*TASK TO COMPLETE*
Please copy each line below that contains the word "RndMeth".

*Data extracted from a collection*
◇ ◇ ◇ ◇ ◇ ◇ ◇

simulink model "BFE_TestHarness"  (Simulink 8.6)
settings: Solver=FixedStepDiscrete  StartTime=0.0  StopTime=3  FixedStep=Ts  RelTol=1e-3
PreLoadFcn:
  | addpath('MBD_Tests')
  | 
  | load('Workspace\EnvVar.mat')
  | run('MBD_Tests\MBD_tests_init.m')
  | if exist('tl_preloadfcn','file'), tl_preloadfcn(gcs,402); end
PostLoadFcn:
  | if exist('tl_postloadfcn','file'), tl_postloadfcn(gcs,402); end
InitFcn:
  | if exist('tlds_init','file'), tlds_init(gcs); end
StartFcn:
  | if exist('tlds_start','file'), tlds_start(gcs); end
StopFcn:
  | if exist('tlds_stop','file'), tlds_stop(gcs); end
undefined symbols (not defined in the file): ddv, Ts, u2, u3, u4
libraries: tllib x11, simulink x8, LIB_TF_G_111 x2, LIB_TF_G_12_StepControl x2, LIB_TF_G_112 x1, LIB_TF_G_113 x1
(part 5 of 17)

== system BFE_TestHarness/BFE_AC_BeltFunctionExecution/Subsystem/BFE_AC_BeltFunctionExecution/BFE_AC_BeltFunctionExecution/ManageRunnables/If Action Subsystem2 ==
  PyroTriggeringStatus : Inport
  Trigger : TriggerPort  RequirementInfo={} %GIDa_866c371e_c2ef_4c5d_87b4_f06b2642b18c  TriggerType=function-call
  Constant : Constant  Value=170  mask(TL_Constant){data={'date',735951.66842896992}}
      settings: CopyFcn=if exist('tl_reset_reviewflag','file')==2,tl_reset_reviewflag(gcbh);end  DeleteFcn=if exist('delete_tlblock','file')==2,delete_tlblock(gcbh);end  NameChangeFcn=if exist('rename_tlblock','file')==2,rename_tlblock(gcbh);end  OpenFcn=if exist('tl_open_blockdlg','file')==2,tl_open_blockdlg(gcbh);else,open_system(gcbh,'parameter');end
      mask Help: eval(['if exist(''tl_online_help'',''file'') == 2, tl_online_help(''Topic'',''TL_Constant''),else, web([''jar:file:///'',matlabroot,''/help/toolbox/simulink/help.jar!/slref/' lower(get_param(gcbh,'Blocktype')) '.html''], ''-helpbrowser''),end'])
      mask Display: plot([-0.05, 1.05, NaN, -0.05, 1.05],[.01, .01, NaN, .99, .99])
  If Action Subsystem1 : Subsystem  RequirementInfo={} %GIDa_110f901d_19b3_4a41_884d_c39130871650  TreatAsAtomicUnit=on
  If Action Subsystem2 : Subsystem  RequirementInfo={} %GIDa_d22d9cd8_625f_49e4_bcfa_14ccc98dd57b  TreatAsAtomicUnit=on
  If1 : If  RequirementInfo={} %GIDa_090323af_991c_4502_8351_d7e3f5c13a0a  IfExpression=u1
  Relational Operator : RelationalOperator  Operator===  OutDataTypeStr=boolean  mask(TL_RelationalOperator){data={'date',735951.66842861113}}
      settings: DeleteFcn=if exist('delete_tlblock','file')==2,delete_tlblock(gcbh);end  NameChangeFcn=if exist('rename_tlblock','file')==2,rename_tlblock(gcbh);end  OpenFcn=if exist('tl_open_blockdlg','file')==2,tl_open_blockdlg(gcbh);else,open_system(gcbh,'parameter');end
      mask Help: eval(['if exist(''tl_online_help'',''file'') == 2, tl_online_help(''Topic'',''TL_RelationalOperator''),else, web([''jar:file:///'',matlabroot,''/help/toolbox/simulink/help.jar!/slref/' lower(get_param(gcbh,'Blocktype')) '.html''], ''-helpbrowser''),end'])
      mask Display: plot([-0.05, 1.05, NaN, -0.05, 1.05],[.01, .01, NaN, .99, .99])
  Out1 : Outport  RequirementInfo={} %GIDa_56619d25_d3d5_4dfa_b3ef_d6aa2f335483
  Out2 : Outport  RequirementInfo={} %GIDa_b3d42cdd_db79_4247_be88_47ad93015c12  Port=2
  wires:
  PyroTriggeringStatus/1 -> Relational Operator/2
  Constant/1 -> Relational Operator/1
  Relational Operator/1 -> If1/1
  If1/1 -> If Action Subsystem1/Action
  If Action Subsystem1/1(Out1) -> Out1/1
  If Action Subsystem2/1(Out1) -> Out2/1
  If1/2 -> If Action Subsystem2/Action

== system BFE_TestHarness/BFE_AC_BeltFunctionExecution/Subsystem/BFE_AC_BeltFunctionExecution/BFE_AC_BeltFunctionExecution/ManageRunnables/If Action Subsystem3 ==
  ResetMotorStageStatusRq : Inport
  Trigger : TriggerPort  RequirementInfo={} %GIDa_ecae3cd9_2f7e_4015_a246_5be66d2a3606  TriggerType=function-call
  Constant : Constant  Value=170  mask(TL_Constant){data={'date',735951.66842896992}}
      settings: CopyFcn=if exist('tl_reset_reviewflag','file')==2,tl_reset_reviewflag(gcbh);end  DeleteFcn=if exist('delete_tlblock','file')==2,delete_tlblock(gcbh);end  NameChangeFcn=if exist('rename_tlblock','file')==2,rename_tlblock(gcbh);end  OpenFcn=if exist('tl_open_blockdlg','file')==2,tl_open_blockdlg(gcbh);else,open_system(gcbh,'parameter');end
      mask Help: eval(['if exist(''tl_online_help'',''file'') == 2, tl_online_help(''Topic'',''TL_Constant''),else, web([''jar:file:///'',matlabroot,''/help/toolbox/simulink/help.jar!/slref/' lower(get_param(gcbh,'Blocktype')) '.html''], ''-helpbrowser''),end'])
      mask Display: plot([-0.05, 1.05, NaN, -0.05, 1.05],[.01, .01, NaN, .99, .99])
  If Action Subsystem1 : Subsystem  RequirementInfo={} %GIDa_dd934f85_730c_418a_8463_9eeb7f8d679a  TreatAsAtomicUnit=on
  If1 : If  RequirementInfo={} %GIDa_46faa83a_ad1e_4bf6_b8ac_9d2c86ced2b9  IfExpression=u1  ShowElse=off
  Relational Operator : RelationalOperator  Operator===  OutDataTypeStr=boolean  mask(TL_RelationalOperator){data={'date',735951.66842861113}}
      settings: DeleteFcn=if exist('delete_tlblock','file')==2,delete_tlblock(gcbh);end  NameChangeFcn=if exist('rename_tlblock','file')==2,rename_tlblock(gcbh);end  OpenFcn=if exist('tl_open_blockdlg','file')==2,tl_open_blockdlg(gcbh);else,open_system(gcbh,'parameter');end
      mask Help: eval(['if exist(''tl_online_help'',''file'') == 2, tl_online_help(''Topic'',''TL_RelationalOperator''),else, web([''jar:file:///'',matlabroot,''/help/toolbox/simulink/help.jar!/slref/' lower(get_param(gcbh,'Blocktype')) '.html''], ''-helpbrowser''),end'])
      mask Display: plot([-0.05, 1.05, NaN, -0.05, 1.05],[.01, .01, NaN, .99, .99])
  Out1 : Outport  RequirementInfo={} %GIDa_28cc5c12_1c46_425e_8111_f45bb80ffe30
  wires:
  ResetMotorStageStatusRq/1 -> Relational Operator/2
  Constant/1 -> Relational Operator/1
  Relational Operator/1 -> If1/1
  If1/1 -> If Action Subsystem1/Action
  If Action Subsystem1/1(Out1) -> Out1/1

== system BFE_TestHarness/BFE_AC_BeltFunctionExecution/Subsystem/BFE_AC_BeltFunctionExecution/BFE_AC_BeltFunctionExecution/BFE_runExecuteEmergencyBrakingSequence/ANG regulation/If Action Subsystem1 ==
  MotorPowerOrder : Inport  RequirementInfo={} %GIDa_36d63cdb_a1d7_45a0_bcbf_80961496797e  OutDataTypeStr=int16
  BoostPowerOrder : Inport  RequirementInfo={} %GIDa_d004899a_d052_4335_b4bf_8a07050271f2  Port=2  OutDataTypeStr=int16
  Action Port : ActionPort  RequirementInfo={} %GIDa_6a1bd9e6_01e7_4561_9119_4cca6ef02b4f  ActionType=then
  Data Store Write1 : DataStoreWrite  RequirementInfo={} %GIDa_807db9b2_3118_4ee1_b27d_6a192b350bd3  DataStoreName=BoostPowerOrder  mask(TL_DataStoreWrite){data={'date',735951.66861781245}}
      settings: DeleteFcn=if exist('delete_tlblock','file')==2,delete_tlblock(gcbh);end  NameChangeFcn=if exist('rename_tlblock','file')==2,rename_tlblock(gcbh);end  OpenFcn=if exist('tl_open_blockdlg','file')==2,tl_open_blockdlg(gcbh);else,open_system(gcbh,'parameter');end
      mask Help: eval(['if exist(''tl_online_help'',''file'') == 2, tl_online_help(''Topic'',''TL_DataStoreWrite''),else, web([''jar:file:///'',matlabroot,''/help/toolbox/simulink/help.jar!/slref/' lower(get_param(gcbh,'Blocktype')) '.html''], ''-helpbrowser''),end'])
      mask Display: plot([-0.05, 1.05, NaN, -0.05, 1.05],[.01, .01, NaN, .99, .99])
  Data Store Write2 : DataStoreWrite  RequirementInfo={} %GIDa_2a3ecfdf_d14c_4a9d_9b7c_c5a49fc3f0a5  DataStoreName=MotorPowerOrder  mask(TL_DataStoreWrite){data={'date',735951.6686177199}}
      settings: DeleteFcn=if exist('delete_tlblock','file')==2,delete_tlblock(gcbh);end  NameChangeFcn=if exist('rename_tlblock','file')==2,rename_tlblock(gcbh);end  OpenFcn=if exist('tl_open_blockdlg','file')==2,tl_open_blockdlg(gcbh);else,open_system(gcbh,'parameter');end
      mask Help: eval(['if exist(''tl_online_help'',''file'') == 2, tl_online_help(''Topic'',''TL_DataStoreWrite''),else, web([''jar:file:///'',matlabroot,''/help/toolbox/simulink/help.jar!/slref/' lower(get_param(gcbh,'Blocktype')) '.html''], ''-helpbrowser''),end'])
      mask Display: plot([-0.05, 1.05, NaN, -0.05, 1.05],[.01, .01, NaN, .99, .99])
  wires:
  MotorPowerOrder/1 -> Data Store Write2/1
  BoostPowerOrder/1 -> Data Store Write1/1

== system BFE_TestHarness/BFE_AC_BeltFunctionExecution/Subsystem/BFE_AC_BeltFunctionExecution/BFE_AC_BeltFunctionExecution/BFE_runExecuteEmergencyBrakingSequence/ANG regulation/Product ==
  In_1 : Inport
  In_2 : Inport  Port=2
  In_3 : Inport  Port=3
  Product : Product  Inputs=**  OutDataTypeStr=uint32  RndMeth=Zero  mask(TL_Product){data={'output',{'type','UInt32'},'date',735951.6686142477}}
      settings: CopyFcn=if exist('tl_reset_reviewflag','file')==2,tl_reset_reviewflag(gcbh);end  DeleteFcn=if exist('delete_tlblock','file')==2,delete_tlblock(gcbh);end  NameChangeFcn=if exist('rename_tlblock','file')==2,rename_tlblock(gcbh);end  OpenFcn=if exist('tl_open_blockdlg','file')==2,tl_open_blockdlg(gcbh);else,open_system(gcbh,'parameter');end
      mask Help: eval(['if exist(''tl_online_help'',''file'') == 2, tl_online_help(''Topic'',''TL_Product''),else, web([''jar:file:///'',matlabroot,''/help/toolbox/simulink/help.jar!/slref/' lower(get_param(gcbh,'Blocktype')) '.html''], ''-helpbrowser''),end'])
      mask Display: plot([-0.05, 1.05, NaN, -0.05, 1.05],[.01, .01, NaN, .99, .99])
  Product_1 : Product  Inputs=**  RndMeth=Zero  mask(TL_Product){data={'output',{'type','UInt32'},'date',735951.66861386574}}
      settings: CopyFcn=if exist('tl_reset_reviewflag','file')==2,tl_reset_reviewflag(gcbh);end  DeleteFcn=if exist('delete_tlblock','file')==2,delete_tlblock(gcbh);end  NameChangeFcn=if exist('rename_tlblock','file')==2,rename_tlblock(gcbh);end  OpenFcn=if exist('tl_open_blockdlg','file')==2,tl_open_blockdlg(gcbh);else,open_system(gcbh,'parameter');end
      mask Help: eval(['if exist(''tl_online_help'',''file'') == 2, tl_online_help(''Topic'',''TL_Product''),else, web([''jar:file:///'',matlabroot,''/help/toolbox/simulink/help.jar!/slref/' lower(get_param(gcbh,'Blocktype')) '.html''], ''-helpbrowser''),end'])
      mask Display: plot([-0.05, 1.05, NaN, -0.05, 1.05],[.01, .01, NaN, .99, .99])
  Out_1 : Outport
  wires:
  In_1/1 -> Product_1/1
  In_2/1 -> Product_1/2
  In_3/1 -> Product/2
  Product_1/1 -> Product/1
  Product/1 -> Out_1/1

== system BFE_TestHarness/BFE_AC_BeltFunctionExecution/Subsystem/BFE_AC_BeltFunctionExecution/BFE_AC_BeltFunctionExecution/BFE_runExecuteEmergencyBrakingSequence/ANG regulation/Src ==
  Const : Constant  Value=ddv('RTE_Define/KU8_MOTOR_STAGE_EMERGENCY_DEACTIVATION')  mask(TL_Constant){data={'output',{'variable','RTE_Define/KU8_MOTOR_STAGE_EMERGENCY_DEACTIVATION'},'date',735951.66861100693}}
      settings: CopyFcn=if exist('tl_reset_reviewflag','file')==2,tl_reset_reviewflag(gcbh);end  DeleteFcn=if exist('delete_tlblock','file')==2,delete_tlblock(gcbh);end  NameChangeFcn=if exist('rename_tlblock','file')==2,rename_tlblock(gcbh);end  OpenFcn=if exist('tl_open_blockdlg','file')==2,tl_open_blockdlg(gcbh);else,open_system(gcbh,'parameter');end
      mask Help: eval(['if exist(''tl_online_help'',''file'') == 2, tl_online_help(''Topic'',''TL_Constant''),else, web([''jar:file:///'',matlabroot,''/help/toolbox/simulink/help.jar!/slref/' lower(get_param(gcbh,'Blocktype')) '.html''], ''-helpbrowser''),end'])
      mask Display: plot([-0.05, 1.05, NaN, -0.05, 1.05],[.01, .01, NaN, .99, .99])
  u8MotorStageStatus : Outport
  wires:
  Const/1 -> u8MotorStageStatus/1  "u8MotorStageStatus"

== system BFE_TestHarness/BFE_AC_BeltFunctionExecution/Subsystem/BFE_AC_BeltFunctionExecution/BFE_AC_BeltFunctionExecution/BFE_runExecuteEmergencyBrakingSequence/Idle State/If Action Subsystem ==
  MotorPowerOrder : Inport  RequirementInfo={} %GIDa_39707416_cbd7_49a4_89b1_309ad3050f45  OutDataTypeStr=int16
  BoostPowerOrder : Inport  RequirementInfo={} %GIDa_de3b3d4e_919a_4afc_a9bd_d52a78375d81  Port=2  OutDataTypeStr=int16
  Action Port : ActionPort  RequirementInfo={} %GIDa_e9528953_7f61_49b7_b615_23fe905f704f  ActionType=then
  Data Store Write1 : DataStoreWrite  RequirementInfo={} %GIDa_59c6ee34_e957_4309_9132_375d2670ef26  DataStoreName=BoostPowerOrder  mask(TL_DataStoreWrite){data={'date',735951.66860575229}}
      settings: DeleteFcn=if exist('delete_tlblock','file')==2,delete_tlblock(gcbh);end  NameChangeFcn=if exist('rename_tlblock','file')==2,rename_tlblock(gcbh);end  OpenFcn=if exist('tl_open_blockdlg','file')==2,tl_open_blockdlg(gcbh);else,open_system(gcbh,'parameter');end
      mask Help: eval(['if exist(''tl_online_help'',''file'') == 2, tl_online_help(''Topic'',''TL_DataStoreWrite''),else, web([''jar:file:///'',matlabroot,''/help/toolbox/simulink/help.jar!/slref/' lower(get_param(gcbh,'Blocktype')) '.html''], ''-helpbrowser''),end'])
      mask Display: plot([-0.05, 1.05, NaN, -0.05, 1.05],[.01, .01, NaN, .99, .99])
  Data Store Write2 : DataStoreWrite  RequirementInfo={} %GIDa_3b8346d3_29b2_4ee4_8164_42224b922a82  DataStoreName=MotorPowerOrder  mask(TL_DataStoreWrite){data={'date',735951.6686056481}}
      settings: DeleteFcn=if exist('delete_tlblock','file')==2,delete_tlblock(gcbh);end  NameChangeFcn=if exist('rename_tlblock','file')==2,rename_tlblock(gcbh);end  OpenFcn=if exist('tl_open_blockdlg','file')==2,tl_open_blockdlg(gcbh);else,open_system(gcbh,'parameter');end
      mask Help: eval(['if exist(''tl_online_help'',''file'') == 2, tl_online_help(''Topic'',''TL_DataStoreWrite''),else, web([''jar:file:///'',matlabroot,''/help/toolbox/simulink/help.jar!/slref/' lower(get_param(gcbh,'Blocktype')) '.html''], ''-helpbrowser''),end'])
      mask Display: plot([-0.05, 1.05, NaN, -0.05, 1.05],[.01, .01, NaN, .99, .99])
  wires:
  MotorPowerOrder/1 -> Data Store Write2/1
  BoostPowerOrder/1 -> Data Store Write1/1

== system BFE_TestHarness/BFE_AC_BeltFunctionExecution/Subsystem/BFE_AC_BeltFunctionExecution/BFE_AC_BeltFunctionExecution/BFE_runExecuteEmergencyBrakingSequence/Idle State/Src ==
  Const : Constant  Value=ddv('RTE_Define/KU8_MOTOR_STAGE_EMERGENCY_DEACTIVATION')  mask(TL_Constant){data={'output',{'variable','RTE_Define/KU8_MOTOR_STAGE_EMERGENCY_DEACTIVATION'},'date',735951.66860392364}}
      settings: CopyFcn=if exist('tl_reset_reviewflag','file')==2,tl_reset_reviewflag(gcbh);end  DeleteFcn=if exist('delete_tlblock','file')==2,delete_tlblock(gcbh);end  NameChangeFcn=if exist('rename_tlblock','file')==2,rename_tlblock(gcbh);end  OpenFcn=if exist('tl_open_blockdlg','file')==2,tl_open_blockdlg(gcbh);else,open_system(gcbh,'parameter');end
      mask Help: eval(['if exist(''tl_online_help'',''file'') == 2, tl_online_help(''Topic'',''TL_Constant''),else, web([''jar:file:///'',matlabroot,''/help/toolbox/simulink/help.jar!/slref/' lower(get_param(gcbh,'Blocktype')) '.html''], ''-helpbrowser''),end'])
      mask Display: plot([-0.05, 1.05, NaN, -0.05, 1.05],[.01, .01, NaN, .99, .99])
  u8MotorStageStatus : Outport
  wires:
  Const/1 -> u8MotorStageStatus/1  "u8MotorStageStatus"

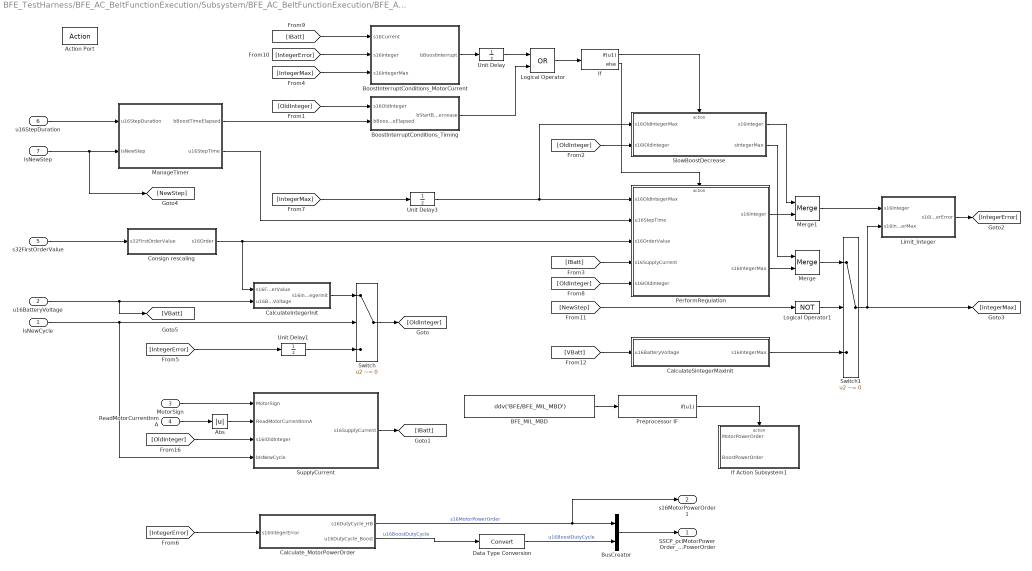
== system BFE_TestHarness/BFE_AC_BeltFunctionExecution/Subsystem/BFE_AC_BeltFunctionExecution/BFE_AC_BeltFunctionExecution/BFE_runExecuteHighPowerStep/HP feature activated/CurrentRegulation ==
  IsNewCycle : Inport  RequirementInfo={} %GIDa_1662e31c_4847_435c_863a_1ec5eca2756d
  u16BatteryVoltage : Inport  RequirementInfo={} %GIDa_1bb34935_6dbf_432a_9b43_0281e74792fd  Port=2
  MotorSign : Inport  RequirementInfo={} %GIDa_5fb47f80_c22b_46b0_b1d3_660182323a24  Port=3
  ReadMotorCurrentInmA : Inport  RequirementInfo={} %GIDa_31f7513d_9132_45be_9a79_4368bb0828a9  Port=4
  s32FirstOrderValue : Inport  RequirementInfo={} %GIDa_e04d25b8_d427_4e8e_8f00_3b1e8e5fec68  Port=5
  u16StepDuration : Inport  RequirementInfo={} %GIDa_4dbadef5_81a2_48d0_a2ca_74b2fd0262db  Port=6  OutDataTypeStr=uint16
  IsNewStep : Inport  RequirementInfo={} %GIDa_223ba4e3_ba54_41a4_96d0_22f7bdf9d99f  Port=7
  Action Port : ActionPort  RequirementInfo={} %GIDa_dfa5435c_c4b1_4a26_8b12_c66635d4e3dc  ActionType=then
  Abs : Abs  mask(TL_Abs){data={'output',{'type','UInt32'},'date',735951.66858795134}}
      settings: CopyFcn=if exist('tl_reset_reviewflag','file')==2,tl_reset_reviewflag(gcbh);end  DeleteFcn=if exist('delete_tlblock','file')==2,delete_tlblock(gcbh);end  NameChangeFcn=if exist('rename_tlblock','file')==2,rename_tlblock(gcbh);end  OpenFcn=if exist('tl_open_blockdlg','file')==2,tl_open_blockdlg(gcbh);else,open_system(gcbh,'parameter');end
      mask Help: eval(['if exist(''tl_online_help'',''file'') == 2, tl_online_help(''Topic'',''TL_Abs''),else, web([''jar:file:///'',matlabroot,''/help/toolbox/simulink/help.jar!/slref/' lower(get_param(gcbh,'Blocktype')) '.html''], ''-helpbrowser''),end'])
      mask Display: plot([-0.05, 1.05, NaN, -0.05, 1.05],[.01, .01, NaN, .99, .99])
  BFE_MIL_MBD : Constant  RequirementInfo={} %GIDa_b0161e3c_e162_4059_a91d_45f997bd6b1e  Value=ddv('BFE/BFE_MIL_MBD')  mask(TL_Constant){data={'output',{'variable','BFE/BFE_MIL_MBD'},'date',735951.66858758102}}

◇ ◇ ◇ ◇ ◇ ◇ ◇

*THE COMPLETED TASK*
  Product : Product  Inputs=**  OutDataTypeStr=uint32  RndMeth=Zero  mask(TL_Product){data={'output',{'type','UInt32'},'date',735951.6686142477}}
  Product_1 : Product  Inputs=**  RndMeth=Zero  mask(TL_Product){data={'output',{'type','UInt32'},'date',735951.66861386574}}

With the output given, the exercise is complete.